Published in final edited form as: Cancer Discov. 2018 Jun 6;8(7):850–865. doi: 10.1158/2159-8290.CD-17-1211

Figure 6. Mechanisms of MAE-1/MAE-126 activation in metastatic ccRCC.

Figure 6

A, Transient reporter assay showing the effects of mutated HIF motif on MAE-126 enhancer activity in M1A cells. Mean of three experiments. Error bars S.E.M. Two-sided Student’s t-test. B, Bottom, genomic MAE-1 deletion profile in M1A cells targeted by sgMAE-1. Top, mammalian sequence alignment of the most commonly deleted region, a conserved RELA/p65 motif highlighted in red. sgMAE-1 PAM sequence underlined in black. C, CXCR4 mRNA expression in M1A cells as measured by qRT-PCR. Mean of three experiments. Error bars S.E.M. D, CXCR4 protein expression in M1A cells as measured by immunoblotting. A representative experiment of three is shown. E, Transient reporter assay showing the effects of mutated RELA/p65 motif on MAE-1 enhancer activity in M1A cells. Mean of five experiments. Error bars S.E.M. Two-sided Student’s t-test.

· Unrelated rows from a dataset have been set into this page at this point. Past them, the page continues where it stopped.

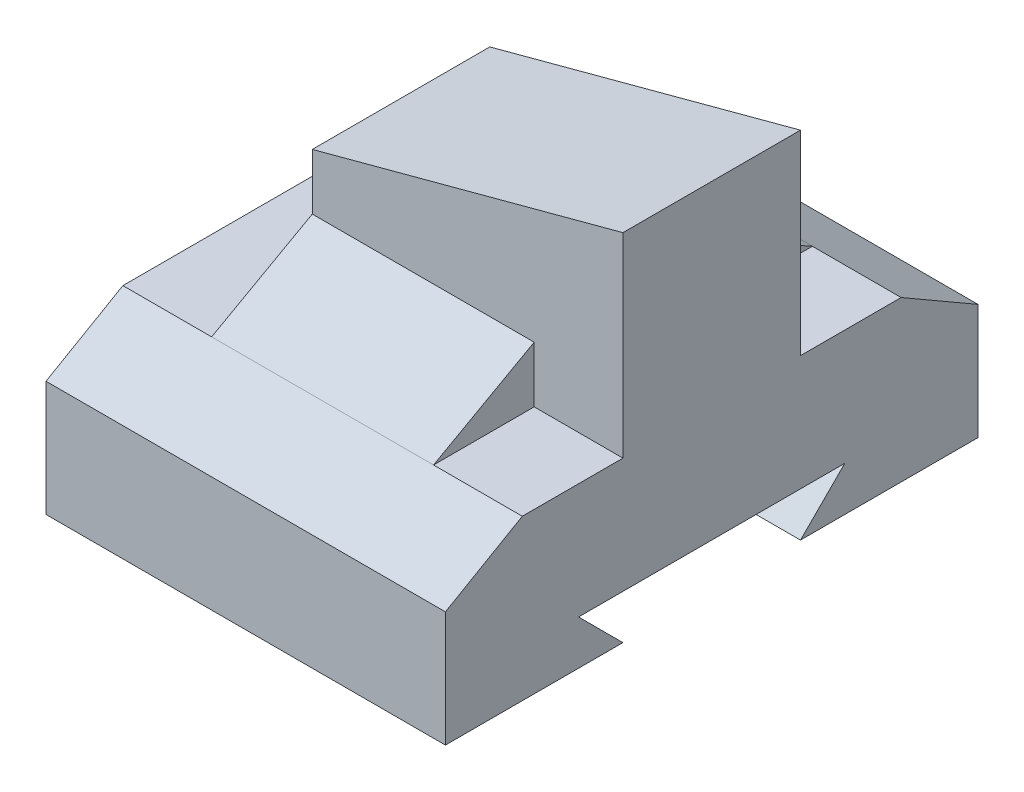
SolidWorks part; units mm, degrees
ref_plane "Plano frontal" through (0, 0, 0) normal (0, 0, 1) x (1, 0, 0)
ref_plane "Plano superior" through (0, 0, 0) normal (0, 1, 0) x (1, 0, 0)
ref_plane "Plano direito" through (0, 0, 0) normal (1, 0, 0) x (0, 0, -1)
sketch "Esboço1" plane through (0, 0, 0) normal (1, 0, 0) x (0, 0, -1)
  line L0 (-40, 0) -> (-45, 5)
  line L1 (-45, 5) -> (-15, 5)
  line L2 (-15, 5) -> (-20, 0)
  line L3 (-20, 0) -> (0, 0)
  line L4 (0, 0) -> (0, 13)
  line L5 (0, 13) -> (-8.6603, 18)
  line L6 (-8.6603, 18) -> (-51.3397, 18)
  line L7 (-51.3397, 18) -> (-60, 13)
  line L8 (-60, 13) -> (-60, 0)
  line L9 (-60, 0) -> (-40, 0)
  point P8 (-38.0195, 35.8959)
  point P11 (0, 0)
  dimension "D1" = 20
  dimension "D2" = 20
  dimension "D3" = 60
  dimension "D4" = 13
  dimension "D5" = 60
  dimension "D6" = 5
  dimension "D7" = 45
  dimension "D8" = 18
  dimension "D9" = 60
extrude "Ressalto-extrusão1" add sketch "Esboço1" against normal blind 45
sketch "Esboço2" plane through (0, 0, 0) normal (1, 0, 0) x (0, 0, -1)
  line L0 (-40, 18) -> (-40, 40)
  line L1 (-8.6603, 18) -> (-51.3397, 18) construction
  line L2 (-40, 40) -> (-20, 40)
  line L3 (-20, 40) -> (-20, 18)
  line L4 (-40, 18) -> (-20, 18)
  line L5 (-60, 13) -> (-60, 0) construction
  dimension "D1" = 20
  dimension "D2" = 20
  dimension "D3" = 22
extrude "Ressalto-extrusão2" add sketch "Esboço2" against normal blind 35
sketch "Esboço3" plane through (0, 0, 40) normal (0, 0, 1) x (1, 0, 0)
  line L0 (0, 40) -> (-35, 30.6218)
  line L1 (-35, 40) -> (0, 40) construction
  line L2 (-35, 40) -> (-35, 18) construction
  line L3 (-35, 30.6218) -> (-35, 40)
  line L4 (-35, 40) -> (0, 40)
  dimension "D1" = 105
extrude "Corte-extrusão1" cut sketch "Esboço3" against normal up to next
sketch3d "3DSketch1" plane through (0, 0, 0) normal (0, 0, 1) x (1, 0, 0)
  dimension "D1" = 10
sketch "Esboço4" plane through (-35, 0, 0) normal (-1, 0, 0) x (0, 0, 1)
  line L0 (8.6603, 18) -> (20, 24.3109)
  line L1 (20, 18) -> (20, 30.6218) construction
  line L2 (20, 24.3109) -> (20, 18)
  line L3 (20, 18) -> (8.6603, 18)
  line L4 (51.3397, 18) -> (40, 24.3109)
  line L5 (40, 30.6218) -> (40, 18) construction
  line L6 (40, 24.3109) -> (40, 18)
  line L7 (40, 18) -> (51.3397, 18)
extrude "Ressalto-extrusão3" add sketch "Esboço4" against normal blind 25 separate body
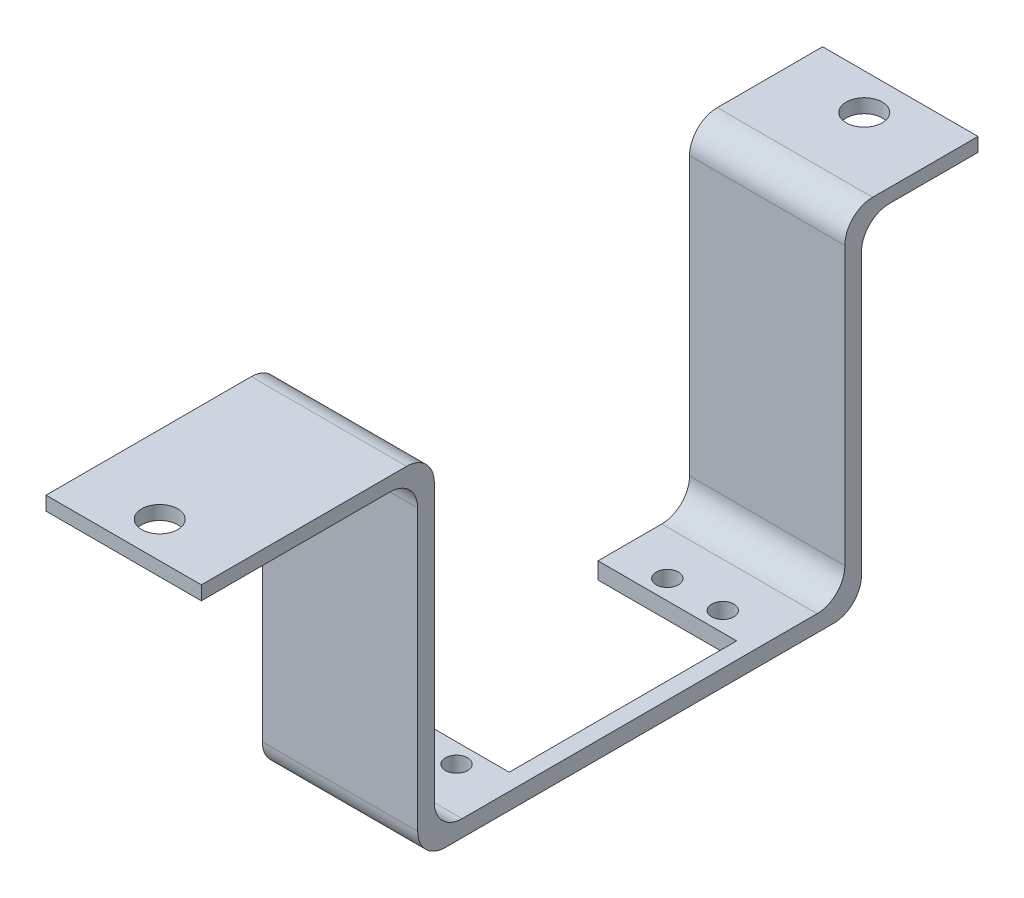
SolidWorks part; units mm, degrees
ref_plane "Front Plane" through (0, 0, 0) normal (0, 0, 1) x (1, 0, 0)
ref_plane "Top Plane" through (0, 0, 0) normal (0, 1, 0) x (1, 0, 0)
ref_plane "Right Plane" through (0, 0, 0) normal (1, 0, 0) x (0, 0, -1)
sketch "Sketch1" plane through (0, 0, 0) normal (0, 1, 0) x (1, 0, 0)
  line L1 (-16, 49) -> (16, 49)
  line L2 (-16, 49) -> (-16, -31)
  line L3 (-16, -31) -> (16, -31)
  line L4 (16, 49) -> (16, -31)
  dimension "D1" = 32
  dimension "D2" = 80
  dimension "D3" = 16
  dimension "D4" = 31
extrude "Boss-Extrude1" add sketch "Sketch1" along normal blind 3
sketch "Sketch4" plane through (0, 3, 0) normal (0, 1, 0) x (1, 0, 0)
  line L0 (-16, 49) -> (-16, -31) construction
  line L2 (-16, 49) -> (-16, -31)
  line L8 (16, 49) -> (16, -31)
  line L9 (16, -31) -> (16, 49) construction
  line L12 (-16, 49) -> (16, 49)
  line L15 (-13.5, 46) -> (13.5, 46)
  line L17 (-13.5, 46) -> (-13.5, -28)
  line L18 (13.5, 46) -> (13.5, -28)
  line L19 (13.5, -28) -> (-13.5, -28)
  line L20 (-16, -31) -> (16, -31)
  line L21 (16, 49) -> (-16, 49) construction
  line L22 (-16, -31) -> (16, -31) construction
  dimension "D1" = 3
  dimension "D2" = 2.5
  dimension "D3" = 3
  dimension "D4" = 2.5
extrude "Boss-Extrude2" add sketch "Sketch4" along normal blind 57.5
sketch "Sketch5" plane through (0, 60.5, 0) normal (0, 1, 0) x (1, 0, 0)
  line L1 (-16, 70) -> (16, 70)
  line L2 (-16, 70) -> (-16, -70)
  line L3 (-16, -70) -> (16, -70)
  line L4 (16, 70) -> (16, -70)
  dimension "D1" = 32
  dimension "D2" = 16
  dimension "D3" = 70
  dimension "D4" = 70
extrude "Boss-Extrude3" add sketch "Sketch5" along normal blind 2.5
sketch "Sketch2" plane through (0, 3, 0) normal (0, 1, 0) x (1, 0, 0)
  line L1 (-11, 29.5) -> (11, 29.5)
  line L2 (-11, 29.5) -> (-11, -11.5)
  line L3 (-11, -11.5) -> (11, -11.5)
  line L4 (11, 29.5) -> (11, -11.5)
  dimension "D4" = 41
  dimension "D5" = 11.5
  dimension "D6" = 22
  dimension "D7" = 11
extrude "Cut-Extrude1" cut sketch "Sketch2" against normal through all and the other way blind 50.8
sketch "Sketch6" plane through (0, 63, 0) normal (0, 1, 0) x (1, 0, 0)
  line L1 (-11, 46) -> (11, 46)
  line L2 (-11, 46) -> (-11, -28)
  line L3 (-11, -28) -> (11, -28)
  line L4 (11, 46) -> (11, -28)
  circle A2 centre (0, 63.5) radius 3.25
  circle A3 centre (0, -63.5) radius 3.25
  dimension "D1" = 22
  dimension "D4" = 6.5
  dimension "D2" = 11
  dimension "D3" = 74
  dimension "D5" = 63.5
  dimension "D6" = 63.5
  dimension "D7" = 28
extrude "Cut-Extrude2" cut sketch "Sketch6" against normal blind 25.4
sketch "Sketch7" plane through (0, 3, 0) normal (0, 1, 0) x (1, 0, 0)
  line L0 (-11, 29.5) -> (11, 29.5) construction
  line L1 (11, -11.5) -> (-11, -11.5) construction
  circle A0 centre (-5, 33) radius 2
  circle A1 centre (5, 33) radius 2
  circle A2 centre (-5, -15) radius 2
  circle A3 centre (5, -15) radius 2
  dimension "D5" = 4
  dimension "D1" = 3.5
  dimension "D2" = 3.5
  dimension "D3" = 10
  dimension "D4" = 5
sketch "Sketch8" plane through (16, 0, 0) normal (1, 0, 0) x (0, 0, -1)
  line L0 (-70, 63) -> (70, 63) construction
  line L1 (-28, 63) -> (46, 63)
  line L2 (-28, 63) -> (-28, 3)
  line L3 (-28, 3) -> (46, 3)
  line L4 (46, 63) -> (46, 3)
  line L5 (-31, 60.5) -> (-31, 0) construction
  line L6 (-31, 0) -> (49, 0) construction
  dimension "D1" = 74
  dimension "D2" = 3
  dimension "D3" = 3
extrude "Cut-Extrude3" cut sketch "Sketch8" against normal through all both and the other way through all
extrude "Cut-Extrude4" cut sketch "Sketch7" against normal through all
sketch "Sketch10" plane through (0, 63, 0) normal (0, 1, 0) x (1, 0, 0)
  line L0 (16, 70) -> (-16, 70) construction
  line L1 (-16, -70) -> (-14, -70)
  line L2 (-16, -70) -> (-16, 70)
  line L3 (-16, 70) -> (-14, 70)
  line L4 (-14, -70) -> (-14, 70)
  line L5 (-11, -11.5) -> (-11, 29.5) construction
  line L6 (11, 29.5) -> (11, -11.5) construction
  line L7 (16, -70) -> (14, -70)
  line L8 (16, -70) -> (16, 70)
  line L9 (16, 70) -> (14, 70)
  line L10 (14, -70) -> (14, 70)
  dimension "D1" = 3
  dimension "D2" = 3
extrude "Cut-Extrude5" cut sketch "Sketch10" against normal through all
fillet "Fillet1" radius 5 8 edges at (0, 3, -46) (0, 3, 28) (0, 0, 31) (0, 0, -49) (0, 60.5, 31) (0, 60.5, -49) (0, 63, -46) (0, 63, 28)
sketch "Sketch13" plane through (0, 3, 0) normal (0, 1, 0) x (1, 0, 0)
  line L0 (-14, -23) -> (-14, 41) construction
  line L1 (-11, -11.5) -> (-14, -11.5)
  line L2 (-11, -11.5) -> (-11, 29.5)
  line L3 (-11, 29.5) -> (-14, 29.5)
  line L4 (-14, -11.5) -> (-14, 29.5)
extrude "Cut-Extrude7" cut sketch "Sketch13" against normal through all
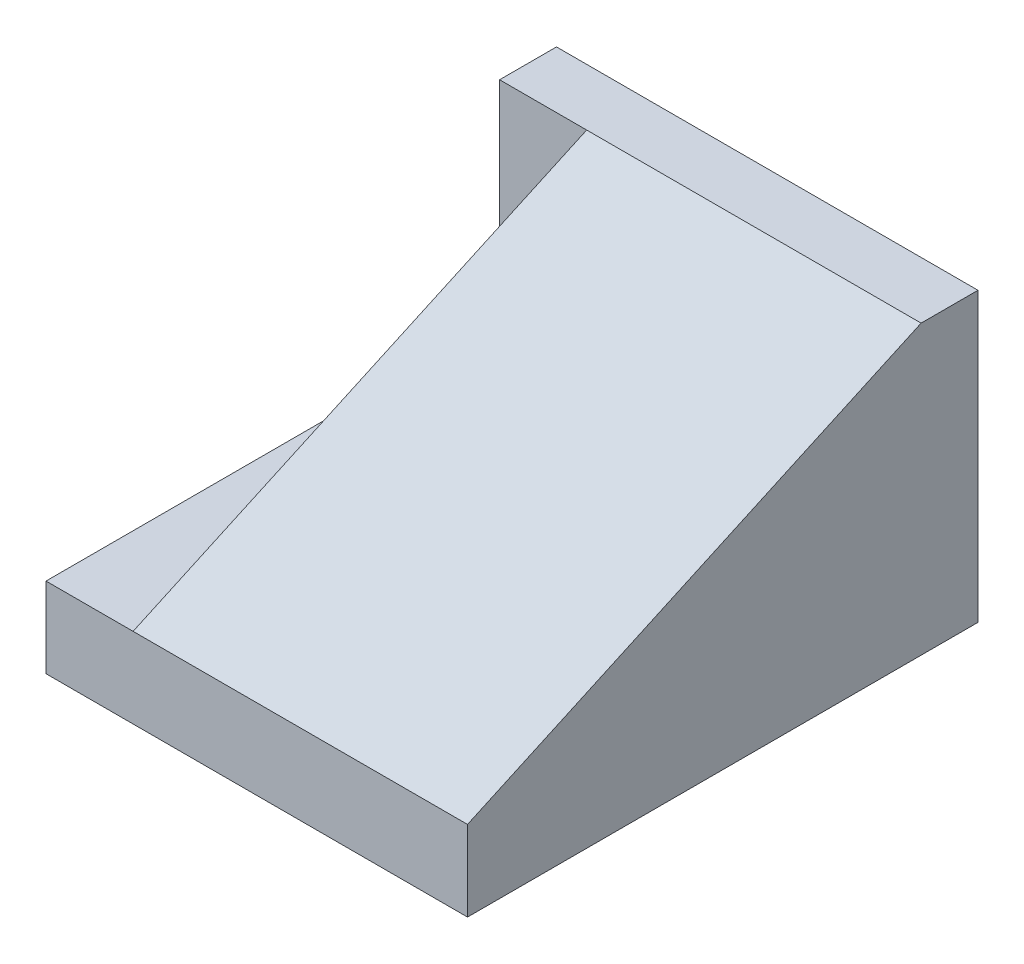
SolidWorks part; units mm, degrees
ref_plane "Front Plane" through (0, 0, 0) normal (0, 0, 1) x (1, 0, 0)
ref_plane "Top Plane" through (0, 0, 0) normal (0, 1, 0) x (1, 0, 0)
ref_plane "Right Plane" through (0, 0, 0) normal (1, 0, 0) x (0, 0, -1)
sketch "Sketch1" plane through (0, 0, 0) normal (0, 1, 0) x (1, 0, 0)
  line L1 (-63.0211, 76.321) -> (63.0211, 76.321)
  line L2 (-63.0211, 76.321) -> (-63.0211, -76.321)
  line L3 (-63.0211, -76.321) -> (63.0211, -76.321)
  line L4 (63.0211, 76.321) -> (63.0211, -76.321)
  line L5 (-63.0211, 76.321) -> (63.0211, -76.321) construction
  line L6 (-63.0211, -76.321) -> (63.0211, 76.321) construction
  point P0 (0, 0)
extrude "Boss-Extrude1" add sketch "Sketch1" along normal blind 24
sketch "Sketch2" plane through (0, 24, 0) normal (0, 1, 0) x (1, 0, 0)
  line L0 (63.0211, -76.321) -> (63.0211, 76.321) construction
  line L1 (-63.0211, 76.321) -> (63.0211, 76.321)
  line L2 (-63.0211, 76.321) -> (-63.0211, 59.3117)
  line L3 (-63.0211, 59.3117) -> (63.0211, 59.3117)
  line L4 (63.0211, 76.321) -> (63.0211, 59.3117)
extrude "Boss-Extrude2" add sketch "Sketch2" along normal blind 62
sketch "Sketch3" plane through (63.0211, 0, 0) normal (1, 0, 0) x (0, 0, -1)
  line L0 (59.3117, 86) -> (-76.321, 24)
rib "Rib1" sketch "Sketch3" sketch "Sketch3" thickness 100 extrusion direction parallel to sketch draft on no parameters "D1"=100

F, Correlation of CXCR4 mRNA expression with NF-kappaB activity in the TCGA ccRCC data set. N=506; PCC, Pearson’s correlation coefficient. G, p65 ChIP-seq data in the MAE-1 locus. Black bar indicates MAE-1. H, Effects of CRISPR/Cas9-mediated targeting of MAE-1 on lung metastatic fitness of M1A cells. Normalized lung photon flux in mice after 9 weeks of tail vein inoculation of 300,000 cells. N=6 for both groups. One-tailed Wilcoxon rank-sum test. Whiskers extend to data extremes. I, Representative bioluminescence images from the experiment shown in H. J, Histological quantification of lung metastatic foci from representative lungs of the experiment shown in H. N=3 for both groups. Horizontal bars represent sample mean. P-values for log-transformed data calculated by one-sided Student’s t-test.